Selecting a subset of columns in a data.table
I'd like to print all the columns of a data table dt
except one of them named V3
but don't want to refer to it by number but by name. This is the code that I have:
dt = data.table(matrix(sample(c(0,1),5,rep=T),50,10))
dt[,-3,with=FALSE] # Is this the only way to not print column "V3"?
Using the data frame
way, one could do this through the code:
df = data.frame(matrix(sample(c(0,1),5,rep=T),50,10))
df[,!(colnames(df)%in% c("X3"))]
So, my question is: is there another way to not print one column in a data table without the necessity of refer to it by number? I'd like to find something similar to the data frame syntax I used above but using data table.
Solution 1:
Use a very similar syntax as for a data.frame
, but add the argument with=FALSE
:
dt[, setdiff(colnames(dt),"V9"), with=FALSE]
V1 V2 V3 V4 V5 V6 V7 V8 V10
1: 1 1 1 1 1 1 1 1 1
2: 0 0 0 0 0 0 0 0 0
3: 1 1 1 1 1 1 1 1 1
4: 0 0 0 0 0 0 0 0 0
5: 0 0 0 0 0 0 0 0 0
6: 1 1 1 1 1 1 1 1 1
The use of with=FALSE
is nicely explained in the documentation for the j
argument in ?data.table
:
j: A single column name, single expresson of column names, list()
of expressions of column names, an expression or function call that evaluates to list (including data.frame
and data.table
which are lists, too), or (when with=FALSE
) same as j in [.data.frame
.
From v1.10.2 onwards it is also possible to do this as follows:
keep <- setdiff(names(dt), "V9")
dt[, ..keep]
Prefixing a symbol with ..
will look up in calling scope (i.e. the Global Environment) and its value taken to be column names or numbers (source).
Solution 2:
Edit 2019-09-27 with a more modern approach
You can do this with patterns
as mentioned above; or, you can do it with !

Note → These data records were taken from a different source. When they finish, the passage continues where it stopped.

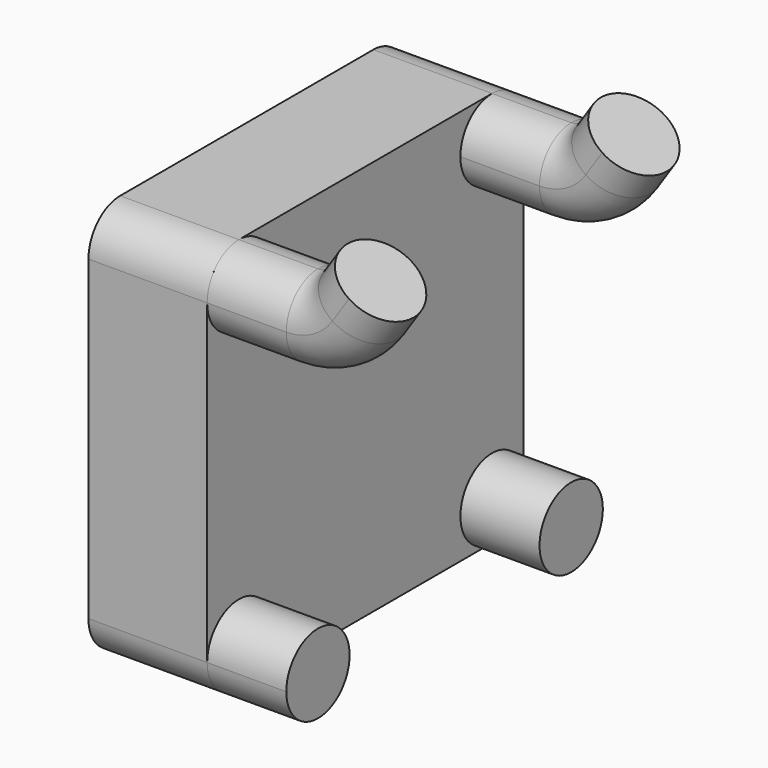
from build123d import *

# Parameters (mm, degrees)
F0_W      = 31.75
F0_H      = 31.75
F1_DEPTH  = 9.525
F10_DEPTH = 6.35
F11_R     = 3.1749


# Not quite as in the source:
# - a fillet or chamfer is up to 0.001 mm smaller than in the source, because OpenCascade refuses the exact size


with BuildPart() as f1:
    # F0 (on Right) → F1 (new body)
    with BuildSketch(Plane.YZ):
        Rectangle(F0_W, F0_H)
    extrude(amount=F1_DEPTH)

    # F6: sweep along a path in F5
    with BuildLine(Plane.XZ.offset(12.7)) as f6_path:
        Line((9.525, 9.525), (15.875, 9.525))
        ThreePointArc((15.875, 9.525), (19.4783384003, 10.4308096264), (22.225, 12.9328865162))
        Line((22.225, 12.9328865162), (23.5505334947, 14.9312034475))
    # F2 (on face) → F6 (sweep)
    with BuildSketch(Plane.YZ.offset(9.525)):
        with BuildLine():
            ThreePointArc((-15.875, 12.7), (-12.7, 9.525), (-9.525, 12.7))
            ThreePointArc((-9.525, 12.7), (-10.4549359718, 14.9450640323), (-12.7000000057, 15.875))
            ThreePointArc((-12.7000000057, 15.875), (-14.9450640323, 14.9450640282), (-15.875, 12.7))
        make_face()
    sweep(path=f6_path.line)

    # F9: F1 across plane


with BuildPart() as f1_1:
    add(f1.part)
    add(f1.part.mirror(Plane(origin=(0, 0, 15.875), x_dir=(1, 0, 0), z_dir=(0, -1, 0))))

    # F2 (on face) → F10 (join)
    with BuildSketch(Plane.YZ.offset(9.525)):
        with BuildLine():
            ThreePointArc((-9.525, -12.7), (-12.7, -9.525), (-15.875, -12.7))
            ThreePointArc((-15.875, -12.7), (-14.9450640303, -14.9450640303), (-12.7, -15.875))
            ThreePointArc((-12.7, -15.875), (-10.4549359697, -14.9450640303), (-9.525, -12.7))
        make_face()
        with BuildLine():
            ThreePointArc((12.7, -15.875), (14.9450640303, -14.9450640303), (15.875, -12.7))
            ThreePointArc((15.875, -12.7), (10.4549359697, -10.4549359697), (12.7, -15.875))
        make_face()
    extrude(amount=F10_DEPTH)

    # F11 (radius 3.175 in the source; OpenCascade refuses exactly that, so slightly less here)
    f11_edges = [f1_1.edges().sort_by_distance(p)[0] for p in [
        (4.7625, -15.875, 15.875),
        (4.7625, -15.875, -15.875),
        (4.7625, 15.875, -15.875),
        (4.7625, 15.875, 15.875),
    ]]
    fillet(f11_edges, radius=F11_R)


solid = f1_1.part

if there's a vector of names already:
dt[ , !'V3']
# or
drop_cols = 'V3'
dt[ , !..drop_cols]
..
means "look up one level"
Older version using with=FALSE
(data.table
is moving away from this argument steadily)
Here's a way that uses grep
to convert to numeric and allow negative column indexing:
dt[, -grep("^V3$", names(dt)), with=FALSE]
You did say "V3" was to be excluded, right?